Cada um de nós - jornalistas, técnicos, dirigentes, adeptos - debitou a sua opinião. Os culpados de tudo, preferem tecer justificações aos ziguezagues, evitam admitir abertamente o fracasso.

Muitos, quando vencem eleições ficam sob o apertado certo da vigilância dos vencidos, um pouco como se passa na alta política: quem perde eleições gerais remete-se à oposição. Acompanha e anota os erros de governação para atacar na hora certa.

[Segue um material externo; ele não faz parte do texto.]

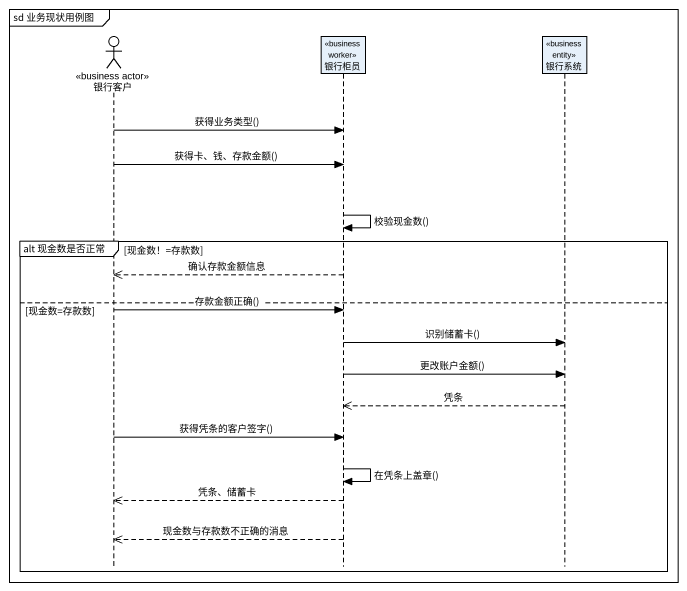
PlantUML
@startuml
mainframe sd 业务现状用例图
hide footbox
actor 银行客户 <<business actor>>
participant 银行柜员 <<business worker>>
participant 银行系统 <<business entity>>

银行客户 -> 银行柜员 : 获得业务类型()
银行客户 -> 银行柜员 : 获得卡、钱、存款金额()
银行柜员 -> 银行柜员 : 校验现金数()
group alt 现金数是否正常 [现金数！=存款数]
  银行柜员 -->> 银行客户 : 确认存款金额信息
else 现金数=存款数
  银行客户 -> 银行柜员 : 存款金额正确()
  银行柜员 -> 银行系统 : 识别储蓄卡()
  银行柜员 -> 银行系统 : 更改账户金额()
  银行系统 -->> 银行柜员 : 凭条
  银行客户 -> 银行柜员 : 获得凭条的客户签字()
  银行柜员 -> 银行柜员 : 在凭条上盖章()
  银行柜员 -->> 银行客户 : 凭条、储蓄卡
  银行柜员 -->> 银行客户 : 现金数与存款数不正确的消息
end
@enduml

No momento actual, os dedos estão apontados para a equipa da Federação, liderada por Artur Almeida?

Não sei se Artur Almeida é gestor avesso às boas sugestões; se faz ouvidos de mercador. Mas está a sua gestão a ser contestada, no bom sentido, por figuras que trabalharam no ABC do nosso futebol nacional; figuras que conhecem o ADN do futebol angolano e é na verdade uma oportunidade para Artur Almeida reflectir.

Por tudo isto, o que se espera é que os Palancas Negras beneficiem de muitos apoios. Como por exemplo jogos particulares, sobretudo, os da data FIFA, para consistência, altos padrões de competitividade, e deixar de lado os fracassos.

Já estiveram à frente dos Palancas mais de 30 treinadores. Beto Bianchi é mais um. Se falhar em todas as missões, não arca com as culpas porque sabemos todos como foi chamado a estar no comanda. Quem não sabe?